Boosting Online 3D Multi-Object Tracking through Camera-Radar Cross Check
Sheng-Yao Kuan, Jen-Hao Cheng, Hsiang-Wei Huang, Wenhao Chai, Cheng-Yen Yang, Hugo Latapie, Gaowen Liu, Bing-Fei Wu, Jenq-Neng Hwang
TL;DR
CRAFTBooster tackles the challenge of surpassing single-modality detectors for 3D MOT by introducing an online, cross-modality fusion framework that runs tracking-enhanced fusion between camera and radar. It decomposes the system into three modules—Inner-modality Matching, Cross-modality Check, and Multi-modality Fusion—exploiting perspective-view camera detections and BEV radar detections to recover missed tracklets and fuse observations. Empirically, it yields about 5-6% IDF1 gains on K-Radar and 1-2% on CRUW3D, demonstrating robustness across diverse weather conditions and compatibility with existing online trackers.

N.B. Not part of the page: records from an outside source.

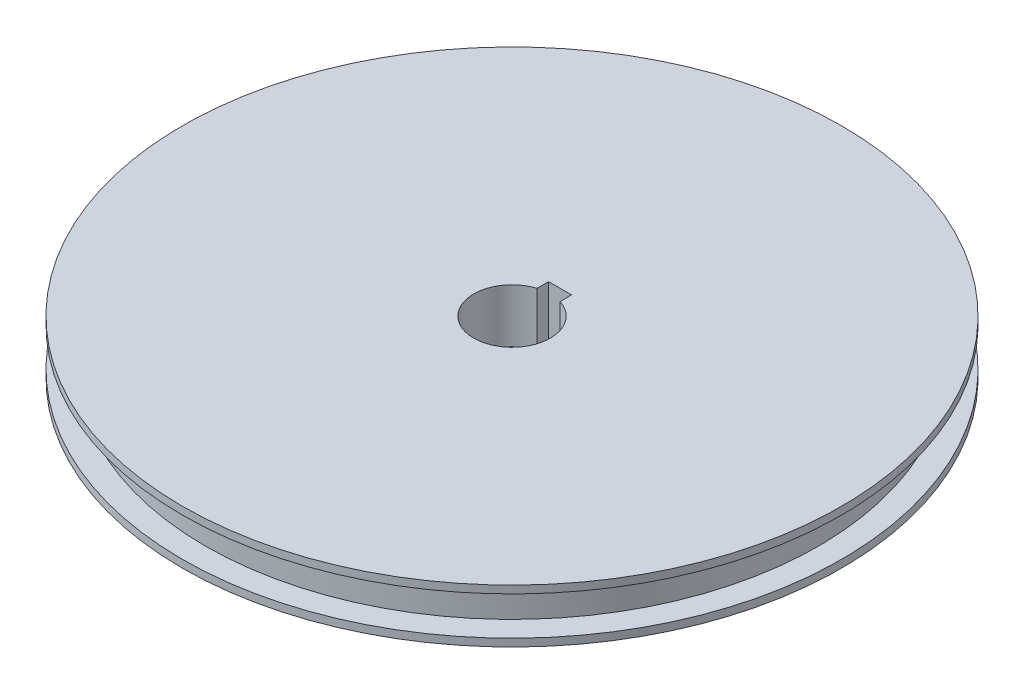
SolidWorks part; units mm, degrees
material "Nylon 101"
ref_plane "Front Plane" through (0, 0, 0) normal (0, 0, 1) x (1, 0, 0)
ref_plane "Top Plane" through (0, 0, 0) normal (0, 1, 0) x (1, 0, 0)
ref_plane "Right Plane" through (0, 0, 0) normal (1, 0, 0) x (0, 0, -1)
sketch "Sketch1" plane through (0, 0, 0) normal (0, 1, 0) x (1, 0, 0)
  line L0 (0, 0) -> (0, 22.1757) construction
  line L3 (-1.5, 4.7697) -> (-1.5, 6.2697)
  line L4 (-1.5, 6.2697) -> (1.5, 6.2697)
  line L5 (1.5, 4.7697) -> (1.5, 6.2697)
  circle A0 centre (0, 0) radius 5
  circle A1 centre (0, 0) radius 40
  circle A2 centre (0, 0) radius 43
  point P10 (0, 0)
  point P11 (1.3088, 4.8257)
  dimension "D1" = 80
  dimension "D2" = 10
  dimension "D3" = 3
  dimension "D4" = 1.5
  dimension "D5" = 3
extrude "Boss-Extrude1" add sketch "Sketch1" along normal blind 5 contours A1 A0 region at (-38.8686, 0, 0)
extrude "Boss-Extrude2" add sketch "Sketch1<3>" against normal blind 1 contours A1 A0 | A2 A1 region at (-38.8686, 0, 0) region at (-41.7838, 0, 0)
sketch "Sketch1<3>" plane through (0, 0, 0) normal (0, 1, 0) x (1, 0, 0) same geometry as "Sketch1"
extrude "Boss-Extrude3" add sketch "Sketch1<4>" along normal blind 1 from surface contours A1 A0 | A2 A1 region at (-38.8686, 0, 0) region at (-41.7838, 0, 0) starting at face at (0, 5, -3.0773)
sketch "Sketch1<4>" plane through (0, 0, 0) normal (0, 1, 0) x (1, 0, 0) same geometry as "Sketch1"
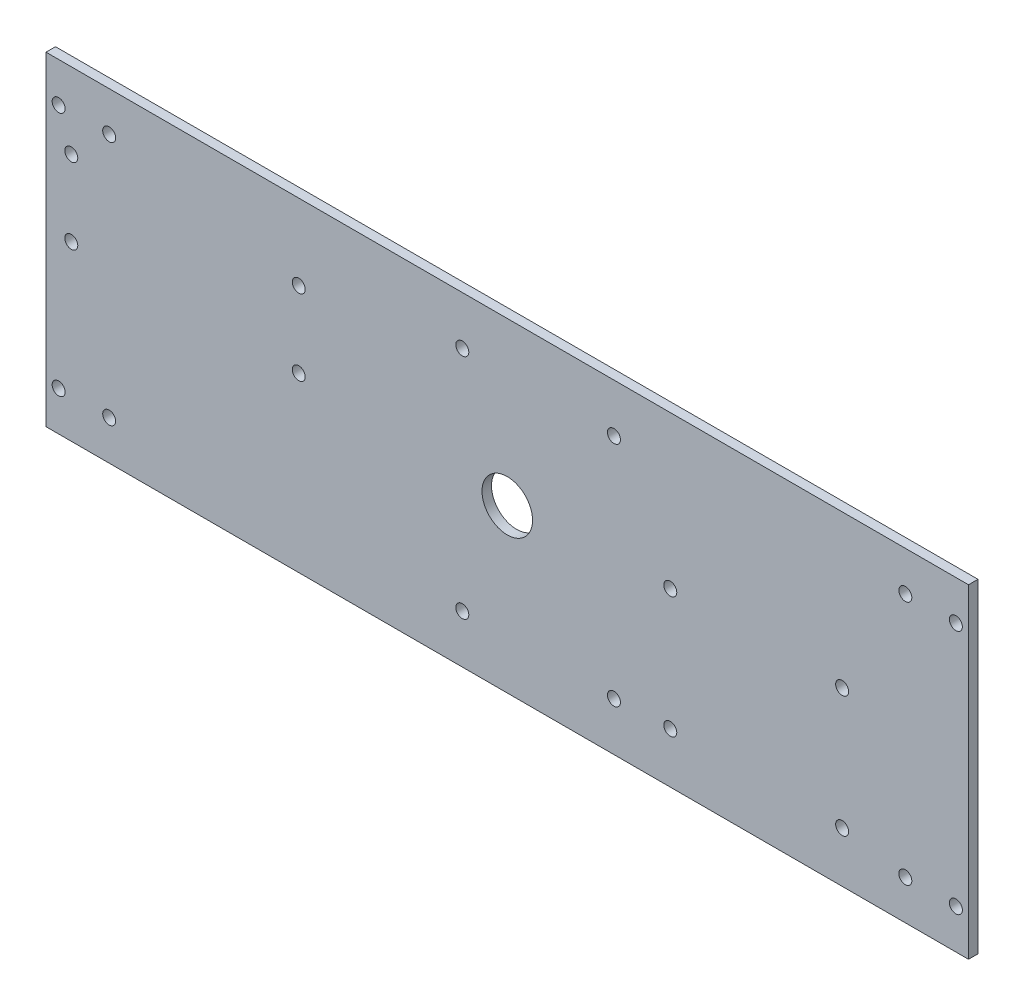
SolidWorks part; units mm, degrees
material "E-Glass Fiber"
ref_plane "Front Plane" through (0, 0, 0) normal (0, 0, 1) x (1, 0, 0)
ref_plane "Top Plane" through (0, 0, 0) normal (0, 1, 0) x (1, 0, 0)
ref_plane "Right Plane" through (0, 0, 0) normal (1, 0, 0) x (0, 0, -1)
sketch "Sketch1" plane through (0, 0, 0) normal (0, 0, 1) x (1, 0, 0)
  line L1 (-115.8875, -40.748) -> (115.8875, -40.748)
  line L2 (-115.8875, -40.748) -> (-115.8875, 40.7479)
  line L3 (-115.8875, 40.7479) -> (115.8875, 40.7479)
  line L4 (115.8875, -40.748) -> (115.8875, 40.7479)
  line L5 (-115.8875, -40.748) -> (115.8875, 40.7479) construction
  line L6 (-115.8875, 40.7479) -> (115.8875, -40.748) construction
  point P0 (0, 0)
  dimension "D1" = 231.775
  dimension "D2" = 81.4959
extrude "Boss-Extrude1" add sketch "Sketch1" along normal blind 2.3813
sketch "Sketch2" plane through (0, 0, 2.3813) normal (0, 0, 1) x (1, 0, 0)
  line L0 (-11.2979, 28.575) -> (26.8021, 28.575) construction
  line L1 (-115.8875, 0) -> (-111.125, 0) construction
  line L3 (-115.8875, 40.7479) -> (-115.8875, -40.748) construction
  line L4 (-111.125, 0) -> (-111.125, 9.525) construction
  line L5 (-111.125, 9.525) -> (-111.125, 25.4) construction
  line L6 (115.8875, 0) -> (111.125, 0) construction
  line L7 (115.8875, -40.748) -> (115.8875, 40.7479) construction
  line L8 (111.125, 0) -> (111.125, 9.525) construction
  line L9 (111.125, 9.525) -> (111.125, 25.4) construction
  line L10 (-112.7125, 40.7479) -> (-112.7125, 30.8204) construction
  line L11 (115.8875, 40.7479) -> (-115.8875, 40.7479) construction
  line L12 (-112.7125, 30.8204) -> (-100.0125, 30.8204) construction
  line L13 (-112.7125, 30.8204) -> (-115.8875, 30.8204) construction
  dimension "D1" = 38.1
  dimension "D2" = 28.575
  dimension "D3" = 11.2979
  dimension "D4" = 9.525
  dimension "D5" = 25.4
  dimension "D6" = 4.7625
  dimension "D7" = 3.175
  dimension "D8" = 30.8204
  dimension "D9" = 12.7
hole_wizard "#4 Clearance Hole1" positions "Sketch4" profile "Sketch5" hole size "#4" standard "ANSI Inch" end condition through all
sketch "Sketch4" plane through (0, 0, 2.3813) normal (0, 0, 1) x (1, 0, 0)
  point P0 (-11.2979, 28.575)
  point P3 (26.8021, 28.575)
sketch "Sketch5" plane through (-11.2979, 28.575, 2.3813) normal (1, 0, 0) x (0, -1, 0)
  line L0 (0, 0) -> (0, 2.3813)
  line L1 (0, 2.3813) -> (1.6319, 2.3813)
  line L2 (1.6319, 2.3813) -> (1.6319, 0)
  line L5 (1.6319, 0) -> (0, 0)
  line L11 (0, -6.35) -> (0, 107.95) construction
  dimension "Thru Hole Dia." = 3.2639
  dimension "Thru Hole Depth" = 2.3813
mirror "Mirror1" about plane through (0, 0, 0) normal (0, 1, 0) of "#4 Clearance Hole1"
hole_wizard "#4 Clearance Hole2" positions "Sketch7" profile "Sketch6" hole size "#4" standard "ANSI Inch"
sketch "Sketch7" plane through (0, 0, 2.3813) normal (0, 0, 1) x (1, 0, 0)
  point P0 (-112.7125, 30.8204)
  point P3 (-100.0125, 30.8204)
sketch "Sketch6" plane through (-112.7125, 30.8204, 2.3813) normal (1, 0, 0) x (0, -1, 0)
  line L0 (0, 0) -> (0, 10.5056)
  line L1 (0, 10.5056) -> (1.6319, 9.525)
  line L2 (1.6319, 9.525) -> (1.6319, 0)
  line L5 (1.6319, 0) -> (0, 0)
  line L10 (0, 10.5056) -> (-1.632, 9.525) construction
  line L11 (0, -6.35) -> (0, 107.95) construction
  dimension "Hole Dia." = 3.2639
  dimension "Hole Depth" = 9.525
  dimension "Drill Angle" = 118
mirror "Mirror2" about plane through (0, 0, 0) normal (1, 0, 0) of "#4 Clearance Hole2"
mirror "Mirror3" about plane through (0, 0, 0) normal (0, 1, 0) of "Mirror2"
hole_wizard "1/2 (0.5) Diameter Hole1" positions "Sketch9" profile "Sketch8" hole size "1/2" standard "ANSI Inch" end condition through all
sketch "Sketch9" plane through (0, 0, 2.3813) normal (0, 0, 1) x (1, 0, 0)
  point P0 (0, 0)
sketch "Sketch8" plane through (0, 0, 2.3813) normal (1, 0, 0) x (0, -1, 0)
  line L0 (0, 0) -> (0, 2.3812)
  line L1 (0, 2.3812) -> (6.35, 2.3812)
  line L2 (6.35, 2.3812) -> (6.35, 0)
  line L5 (6.35, 0) -> (0, 0)
  line L11 (0, -6.35) -> (0, 107.95) construction
  dimension "Thru Hole Dia." = 12.7
  dimension "Thru Hole Depth" = 2.3813
sketch "Sketch10" plane through (0, 0, 2.3813) normal (0, 0, 1) x (1, 0, 0)
  line L0 (-115.8875, 40.7479) -> (-115.8875, -40.748) construction
  line L1 (-109.5375, 21.6979) -> (-52.3875, 21.6979) construction
  line L2 (-109.5375, 21.6979) -> (-109.5375, 2.6479) construction
  line L3 (-109.5375, 2.6479) -> (-52.3875, 2.6479) construction
  line L4 (-52.3875, 21.6979) -> (-52.3875, 2.6479) construction
  line L5 (115.8875, 40.7479) -> (-115.8875, 40.7479) construction
  line L6 (-115.8875, -40.748) -> (115.8875, -40.748) construction
  line L7 (40.9575, -28.048) -> (84.1375, -28.048)
  line L8 (40.9575, -28.048) -> (40.9575, 2.432)
  line L9 (40.9575, 2.432) -> (84.1375, 2.432)
  line L10 (84.1375, -28.048) -> (84.1375, 2.432)
  line L11 (40.9575, -28.048) -> (84.1375, 2.432) construction
  line L12 (40.9575, 2.432) -> (84.1375, -28.048) construction
  line L13 (115.8875, -40.748) -> (115.8875, 40.7479) construction
  point P8 (62.5475, -12.808)
  dimension "D1" = 57.15
  dimension "D2" = 19.05
  dimension "D3" = 6.35
  dimension "D4" = 19.05
  dimension "D5" = 30.48
  dimension "D6" = 43.18
  dimension "D7" = 12.7
  dimension "D8" = 31.75
hole_wizard "#4 Clearance Hole3" positions "Sketch12" profile "Sketch11" hole size "#4" standard "ANSI Inch" end condition through all
sketch "Sketch12" plane through (0, 0, 2.3813) normal (0, 0, 1) x (1, 0, 0)
  point P0 (-109.5375, 21.6979)
  point P3 (-109.5375, 2.6479)
  point P6 (-52.3875, 2.6479)
  point P9 (-52.3875, 21.6979)
  point P13 (40.9575, 2.432)
  point P16 (84.1375, 2.432)
  point P19 (84.1375, -28.048)
  point P22 (40.9575, -28.048)
sketch "Sketch11" plane through (-109.5375, 21.6979, 2.3813) normal (1, 0, 0) x (0, -1, 0)
  line L0 (0, 0) -> (0, 2.3813)
  line L1 (0, 2.3813) -> (1.6319, 2.3813)
  line L2 (1.6319, 2.3813) -> (1.6319, 0)
  line L5 (1.6319, 0) -> (0, 0)
  line L11 (0, -6.35) -> (0, 107.95) construction
  dimension "Thru Hole Dia." = 3.2639
  dimension "Thru Hole Depth" = 2.3813

The work highlights the practical potential of dedicated tracking-stage fusion to advance reliable 3D MOT in autonomous driving.
Abstract
In the domain of autonomous driving, the integration of multi-modal perception techniques based on data from diverse sensors has demonstrated substantial progress. Effectively surpassing the capabilities of state-of-the-art single-modality detectors through sensor fusion remains an active challenge. This work leverages the respective advantages of cameras in perspective view and radars in Bird's Eye View (BEV) to greatly enhance overall detection and tracking performance. Our approach, Camera-Radar Associated Fusion Tracking Booster (CRAFTBooster), represents a pioneering effort to enhance radar-camera fusion in the tracking stage, contributing to improved 3D MOT accuracy. The superior experimental results on the K-Radaar dataset, which exhibit 5-6% on IDF1 tracking performance gain, validate the potential of effective sensor fusion in advancing autonomous driving.